**YOUR GOAL:** Copy each line containing the word "perpendicular" from the records that follow, please.

**AVAILABLE RECORDS:**
^^^^

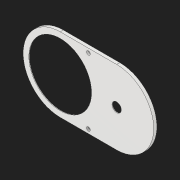
# Autodesk Inventor part: HA013
Saved by Autodesk Inventor 2017 SP1 (Build 210196100, 196)
## iProperties
Created: 2018-02-26
Part Number: HA013
Material: ABS Plastic
Document SubType Name: Modeling
Designer: Zach
Density: 1.06 g/cm^3
Appearance: CR White
Author: Zach
Autodesk Inventor part; units mm, degrees
ref_plane "YZ Plane" through (0, 0, 0) normal (1, 0, 0) x (0, 1, 0)
ref_plane "XZ Plane" through (0, 0, 0) normal (0, 1, 0) x (-1, 0, 0)
ref_plane "XY Plane" through (0, 0, 0) normal (0, 0, 1) x (1, 0, 0)
sketch "Sketch1" plane through (0, 0, 0) normal (0, 0, 1) x (1, 0, 0)
  circle A0 centre (0, 0) radius 59
  circle A1 centre (90, 0) radius 59
  line L0 (0, 59) -> (90, 59)
  line L1 (90, -59) -> (0, -59)
  dimension "d0" = 118
  dimension "d1" = 118
  dimension "d2" = 90
  constraints: 4 end point, 4 point on circle, 4 tangent, 2 centre point, 1 coincident, 1 horizontal alignment
  measures "d0" diameter of A0
  measures "d1" diameter of A1
  measures "d2" distance of A1.centre point (0, 0)
extrude "Extrusion1" add sketch "Sketch1" along normal blind 5
sketch "Sketch2" plane through (0, 0, 0) normal (0, 0, -1) x (-1, 0, 0)
  arc A0 (0, -59) -> (0, 59) centre (0, 0) ccw projected
  line L0 (-90, 59) -> (0, 59) projected
  arc A1 (-90, 59) -> (-90, -59) centre (-90, 0) ccw projected
  line L1 (0, -59) -> (-90, -59) projected
  arc A2 (0, -56) -> (0, 56) centre (0, 0) ccw
  line L2 (0, -56) -> (-90, -56)
  arc A3 (-90, 56) -> (-90, -56) centre (-90, 0) ccw
  line L3 (-90, 56) -> (0, 56)
  dimension "d5" = 3
  constraints: 4 end point, 4 point on circle, 2 centre point, 3 other
  measures "d5" radial gap between concentric circles of A0 A2
extrude "Extrusion2" cut sketch "Sketch2" against normal blind 4 contours L2 A3 L3 A2
sketch "Sketch3" plane through (0, 0, 5) normal (0, 0, 1) x (1, 0, 0)
  circle A0 centre (90, 0) radius 7.5
  arc A1 (90, -59) -> (90, 59) centre (90, 0) ccw projected
  circle A2 centre (0, 0) radius 50
  dimension "d8" = 15
  dimension "d9" = 100
  constraints: 2 centre point, 2 coincident
  measures "d8" diameter of A0
  measures "d9" diameter of A2
extrude "Extrusion3" cut sketch "Sketch3" against normal through all
sketch "Sketch4" plane through (0, 0, 5) normal (0, 0, 1) x (1, 0, 0)
  line L0 (45, 52.5) -> (45, -52.5) construction
  line L1 (90, 59) -> (0, 59) construction
  circle A0 centre (45, 52.5) radius 1.5
  circle A1 centre (45, -52.5) radius 1.5
  point P0 (0, 0)
  point P1 (45, 0)
  point P2 (45, 59)
  dimension "d12" = 105
  dimension "d13" = 3
  dimension "d14" = 3
  constraints: 2 centre point, 2 coincident, 2 end point, 2 midpoint, 1 horizontal alignment, 1 vertical, 1 vertical alignment
  measures "d12" distance of L0.start L0.end
  measures "d13" diameter of A0
  measures "d14" diameter of A1
extrude "Extrusion4" cut sketch "Sketch4" against normal through all
sketch "Sketch5" plane through (0, 0, 4) normal (0, 0, -1) x (-1, 0, 0)
  circle A0 centre (-45, -52.5) radius 1.5 projected
  circle A1 centre (-45, 52.5) radius 1.5 projected
  circle A2 centre (-45, 52.5) radius 6.5
  line L0 (-38.5, 52.5) -> (-38.5, 59)
  line L1 (-51.5, 52.5) -> (-51.5, 59)
  line L2 (-90, 59) -> (0, 59) projected
  line L3 (-38.5, 59) -> (-51.5, 59)
  line L4 (-51.5, 59) -> (-38.5, 59)
  circle A3 centre (-45, -52.5) radius 6.5
  line L5 (-38.5, -52.5) -> (-38.5, -59)
  line L6 (0, -59) -> (-90, -59) projected
  line L7 (-38.5, -59) -> (-51.5, -59)
  line L8 (-51.5, -59) -> (-51.5, -52.5)
  point P0 (0, 0)
  dimension "d17" = 13
  dimension "d18" = 13
  constraints: 14 end point, 4 point on circle, 4 tangent, 4 vertical, 3 point on line, 2 centre point, 2 coincident, 1 collinear
  measures "d17" diameter of A2
  measures "d18" diameter of A3
extrude "Extrusion5" add sketch "Sketch5" along normal blind 4
sketch "Sketch6" plane through (0, 0, 5) normal (0, 0, 1) x (1, 0, 0)
  circle A0 centre (45, -52.5) radius 1.5 projected
  circle A1 centre (45, 52.5) radius 1.5 projected
  circle A2 centre (45, 52.5) radius 1.5 projected
  circle A3 centre (45, 52.5) radius 3
  circle A4 centre (45, -52.5) radius 3
  point P0 (0, 0)
  dimension "d21" = 6
  dimension "d22" = 6
  constraints: 2 centre point, 2 coincident
  measures "d21" diameter of A3
  measures "d22" diameter of A4
extrude "Extrusion6" cut sketch "Sketch6" against normal blind 3 contours A0 | A1 | A3 | A4
body "Solid1"
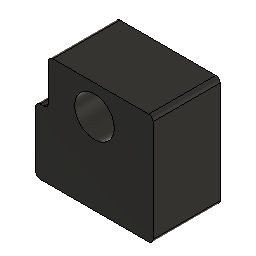
StandoffHolder (Autodesk Fusion 360 design; units mm, degrees)
Autodesk Fusion 360 part; units mm, degrees
sketch "Sketch1" plane through (0, -6.35, 0) normal (0, -1, 0) x (1, 0, 0)
  line L0 (-4.7475, -5.207) -> (-4.7475, 3.8619)
  line L1 (-4.7475, 3.8619) -> (-6.3477, 3.8619)
  line L2 (-6.3477, 3.8619) -> (-6.3477, -5.2324)
  arc A0 (-6.3477, -5.2324) -> (-3.9601, -7.62) centre (-3.9601, -5.2324) ccw
  line L3 (-3.9601, -7.62) -> (16.6647, -7.62)
  arc A1 (16.6647, -7.62) -> (19.0523, -5.2324) centre (16.6647, -5.2324) ccw
  line L4 (19.0523, -5.2324) -> (19.0523, 3.8619)
  line L5 (19.0523, 3.8619) -> (17.4521, 3.8619)
  line L6 (17.4521, 3.8619) -> (17.4521, -5.207)
  arc A2 (16.6393, -6.0198) -> (17.4521, -5.207) centre (16.6393, -5.207) ccw
  line L7 (16.6393, -6.0198) -> (-3.9347, -6.0198)
  arc A3 (-4.7475, -5.207) -> (-3.9347, -6.0198) centre (-3.9347, -5.207) ccw
  line L8 (-3.9199, -6.0198) -> (16.6245, -6.0198)
  line L9 (17.4521, -5.1922) -> (17.4521, 14.1076)
  line L10 (16.6245, 14.9352) -> (-1.528, 14.9352)
  line L11 (-4.7475, 5.5118) -> (-4.7475, -5.1922)
  arc A4 (-4.7475, -5.1922) -> (-3.9199, -6.0198) centre (-3.9199, -5.1922) ccw
  arc A5 (16.6245, -6.0198) -> (17.4521, -5.1922) centre (16.6245, -5.1922) ccw
  arc A6 (17.4521, 14.1076) -> (16.6245, 14.9352) centre (16.6245, 14.1076) ccw
  line L12 (10.0168, 9.3726) -> (0.7463, 9.3726)
  line L13 (6.3523, 14.9352) -> (6.3523, 9.3726)
  circle A7 centre (6.3523, 9.3726) radius 3.7465
  line L14 (-4.7475, 3.8619) -> (-2.3662, 3.8619)
  line L15 (-2.3662, 7.1882) -> (-2.3662, 14.097)
  line L16 (-2.3662, 3.8619) -> (-2.3662, -6.0198)
  line L17 (-3.9093, 6.35) -> (-3.2044, 6.35)
  arc A8 (-1.528, 14.9352) -> (-2.3662, 14.097) centre (-1.528, 14.097) ccw
  arc A9 (-3.9093, 6.35) -> (-4.7475, 5.5118) centre (-3.9093, 5.5118) ccw
  arc A10 (-3.2044, 6.35) -> (-2.3662, 7.1882) centre (-3.2044, 7.1882) ccw
  point P0 (17.4521, -6.0198)
  point P1 (17.4521, 14.9352)
  dimension "d29" = 20.955
  dimension "d30" = 0.8276
  dimension "d31" = 7.493
  dimension "d39" = 2.3813
  dimension "d40" = 0.8382
  dimension "d46" = 5.5626
  constraint perpendicular L6 L8
  constraint perpendicular L8 L9
  constraint perpendicular L9 L10
  constraint perpendicular L8 L11
  constraint tangent L8 A4
  constraint tangent L11 A4
  constraint coincident P0 L8
  constraint coincident P0 L9
  constraint tangent L8 A5
  constraint tangent L9 A5
  constraint equal A4 A5
  constraint coincident P1 L9
  constraint coincident P1 L10
  constraint tangent L9 A6
  constraint tangent L10 A6
  constraint equal A4 A6
  constraint parallel L10 L12
  constraint coincident L12 L13.end
  constraint perpendicular L12 L13
  constraint coincident L13.end A7.centre
  constraint coincident L0.end L1.start
  constraint perpendicular L0 L14
  constraint perpendicular L10 L15
  constraint coincident L8 L16.end
  constraint coincident L7 L16.end
  constraint perpendicular L15 L17
  constraint coincident L10 L13.start
  constraint tangent L15 A8
  constraint tangent L10 A8
  constraint tangent L17 A9
  constraint tangent L11 A9
  constraint equal A8 A9
  constraint coincident L14.end L15
  constraint tangent L17 A10
  constraint tangent L15 A10
  constraint equal A8 A10
  measures "d29" distance of P0 P1
  measures "d30" radius of A4
  measures "d31" diameter of A7
  measures "d39" distance of L0.end L14.end
  measures "d40" radius of A8
  measures "d46" distance of L13.start L13.end
extrude "Extrude1" add sketch "Sketch1" against normal blind 12.7 contours L0 L7 L8 L11 A4 L14 L16 | L6 L7 L8 L9 L10 L11 A5 A6 L14 L15 L16 L17 A8 A9 A10
hole "Hole1" at (12.7, 0, -6.0198) direction (0, 0, 1) diameter 3.429 depth 8.382 tip angle 180
thread "Thread1" "ANSI Unified Screw Threads 0.164(#8) 8-32 UNC 8-32 UNC 2B" major diameter 4.1656 minor diameter 3.4163 pitch 0.7937 angle 60 modelled right hand crest width 0.2341 on face at (12.8707, 1.706, -0.4318) crest through (10.9919, 0, -5.8214)
hole "Hole2" at (0, 0, -6.0198) direction (0, 0, 1) diameter 3.429 depth 8.382 tip angle 180
thread "Thread2" "ANSI Unified Screw Threads 0.164(#8) 8-32 UNC 8-32 UNC 2B" major diameter 4.1656 minor diameter 3.4163 pitch 0.7937 angle 60 modelled right hand crest width 0.2341 on face at (0.1707, 1.706, -0.4318) crest through (-1.7081, 0, -5.8214)
equation "d39 = ( 3 / 32 ) * 1 in"
named bodies: "StandoffHolder"

^^^^

**ANSWER SECTION:**
  constraint perpendicular L6 L8
  constraint perpendicular L8 L9
  constraint perpendicular L9 L10
  constraint perpendicular L8 L11
  constraint perpendicular L12 L13
  constraint perpendicular L0 L14
  constraint perpendicular L10 L15
  constraint perpendicular L15 L17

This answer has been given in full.